Should a public agency be authorized to lie to a person seeking access to government records? That’s the plan being advanced by the U.S. Justice Department for situations where even confirming that certain documents existed—while denying access to them—might disclose that certain sensitive law enforcement or intelligence operations were under way. Winston Churchill once remarked that “in wartime, truth is so precious that she should always be attended by a bodyguard of lies.” But we are engaged in apparently unending (what would tell us we’d won?) wars on terrorism, drug rackets and other criminal conspiracies. The already most cryptocratic sectors of our national government now want a license to lie as well as torture and assassinate. Do you trust the government that brought you the Gulf of Tonkin attacks and the Iraqi weapons of mass destruction to lie responsibly? But wait a bit. Does the fact that express authority to lie about the existence of certain specified records is being sought mean that the DOJ considers that unless excused, lying about the existence of documents requested under the Freedom of Information Act is not lawful? I’d be willing to support the rule to excuse lying about the existence of records totally exempt from disclosure anyway in these limited instances if Congress were willing expressly to criminalize lying to frustrate access to public information otherwise. That kind of lying is not confined to federal records and agencies.
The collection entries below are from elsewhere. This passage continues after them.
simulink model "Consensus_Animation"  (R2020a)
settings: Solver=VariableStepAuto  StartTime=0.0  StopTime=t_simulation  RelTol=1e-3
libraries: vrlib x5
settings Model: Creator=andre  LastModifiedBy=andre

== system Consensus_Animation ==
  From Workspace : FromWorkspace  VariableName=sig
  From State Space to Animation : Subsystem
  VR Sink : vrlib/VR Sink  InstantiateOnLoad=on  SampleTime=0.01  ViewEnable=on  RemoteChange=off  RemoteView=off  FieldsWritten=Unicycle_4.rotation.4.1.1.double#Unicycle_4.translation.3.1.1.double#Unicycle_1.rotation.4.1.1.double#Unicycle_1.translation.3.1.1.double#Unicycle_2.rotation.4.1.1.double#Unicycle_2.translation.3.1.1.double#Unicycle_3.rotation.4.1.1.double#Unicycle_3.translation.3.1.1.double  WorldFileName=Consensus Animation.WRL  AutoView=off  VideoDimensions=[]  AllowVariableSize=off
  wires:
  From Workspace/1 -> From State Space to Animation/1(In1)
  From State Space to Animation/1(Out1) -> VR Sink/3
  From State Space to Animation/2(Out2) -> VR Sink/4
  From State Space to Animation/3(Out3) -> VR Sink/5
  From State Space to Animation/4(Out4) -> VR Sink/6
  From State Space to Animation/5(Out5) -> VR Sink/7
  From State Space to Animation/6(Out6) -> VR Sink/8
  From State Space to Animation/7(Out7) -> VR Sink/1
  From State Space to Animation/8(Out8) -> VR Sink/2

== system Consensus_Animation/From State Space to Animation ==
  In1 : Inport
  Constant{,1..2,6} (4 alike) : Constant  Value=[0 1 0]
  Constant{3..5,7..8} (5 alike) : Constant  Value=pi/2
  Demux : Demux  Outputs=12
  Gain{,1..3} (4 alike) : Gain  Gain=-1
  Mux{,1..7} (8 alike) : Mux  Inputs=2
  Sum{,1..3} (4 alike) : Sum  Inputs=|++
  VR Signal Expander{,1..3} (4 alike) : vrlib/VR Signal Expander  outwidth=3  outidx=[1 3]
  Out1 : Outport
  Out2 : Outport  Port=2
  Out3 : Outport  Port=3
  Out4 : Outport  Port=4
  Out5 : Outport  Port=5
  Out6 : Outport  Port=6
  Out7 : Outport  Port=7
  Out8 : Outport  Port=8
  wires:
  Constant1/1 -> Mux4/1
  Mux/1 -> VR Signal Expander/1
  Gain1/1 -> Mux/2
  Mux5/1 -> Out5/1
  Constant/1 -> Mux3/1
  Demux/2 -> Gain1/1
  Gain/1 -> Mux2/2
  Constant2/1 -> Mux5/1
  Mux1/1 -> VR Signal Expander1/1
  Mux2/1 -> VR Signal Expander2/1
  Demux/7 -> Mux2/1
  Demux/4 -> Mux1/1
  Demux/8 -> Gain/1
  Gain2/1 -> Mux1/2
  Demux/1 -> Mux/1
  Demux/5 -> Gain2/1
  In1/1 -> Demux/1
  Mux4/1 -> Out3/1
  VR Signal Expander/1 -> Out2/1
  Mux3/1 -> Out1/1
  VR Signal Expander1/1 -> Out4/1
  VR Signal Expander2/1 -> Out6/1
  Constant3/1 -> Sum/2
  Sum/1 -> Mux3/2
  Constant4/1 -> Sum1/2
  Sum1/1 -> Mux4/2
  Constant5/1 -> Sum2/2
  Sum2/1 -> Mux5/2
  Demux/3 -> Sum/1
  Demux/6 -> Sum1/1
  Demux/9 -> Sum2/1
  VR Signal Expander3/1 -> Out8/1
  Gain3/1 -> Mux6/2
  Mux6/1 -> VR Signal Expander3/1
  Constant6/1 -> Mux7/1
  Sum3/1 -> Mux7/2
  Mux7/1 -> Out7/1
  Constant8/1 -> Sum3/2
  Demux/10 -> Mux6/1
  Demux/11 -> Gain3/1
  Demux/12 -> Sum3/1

Most experienced journalists know of situations where a government whistleblower slipped a reporter documents. but when a formal request for them was made (to protect the informant), the agency denied their existence.
The Irvine 11 were reportedly poised to file an appeal today of their misdemeanor conspiracy convictions for orchestrating serial interruptions of a UC Irvine guest speaker last year. Maintaining the line they have taken from the outset, the Muslim Student Association members contend that they have a First Amendment right to do what they did—not just shout from the audience, but shout from a script arranged by advance agreement by those who simply wanted to deny the speaker, the Israeli ambassador to the U.S., a forum on the campus. They will undoubtedly lose on appeal, for reasons earlier noted here. But Erwin Chemerinsky was right. The conspiracy prosecution will do nothing but refuel the smoldering antisemitism rife on the Irvine campus for much of the last decade. Instead of treating what the students did as a crime, a civil conspiracy lawsuit for damages could have been brought by anyone able to prove resulting injury. But the only plausible plaintiff would have been the university itself, contending that its reputation as a forum for all viewpoints—an aspect of academic freedom—had suffered, and perhaps its efforts to attain a diverse student body as well. Of course if the university had begun asserting those values years ago with a pointed rebuke to attacks on any minority instead of generalized pieties condemning “hate speech” as if it were the flu, the shoutdown might never have happened.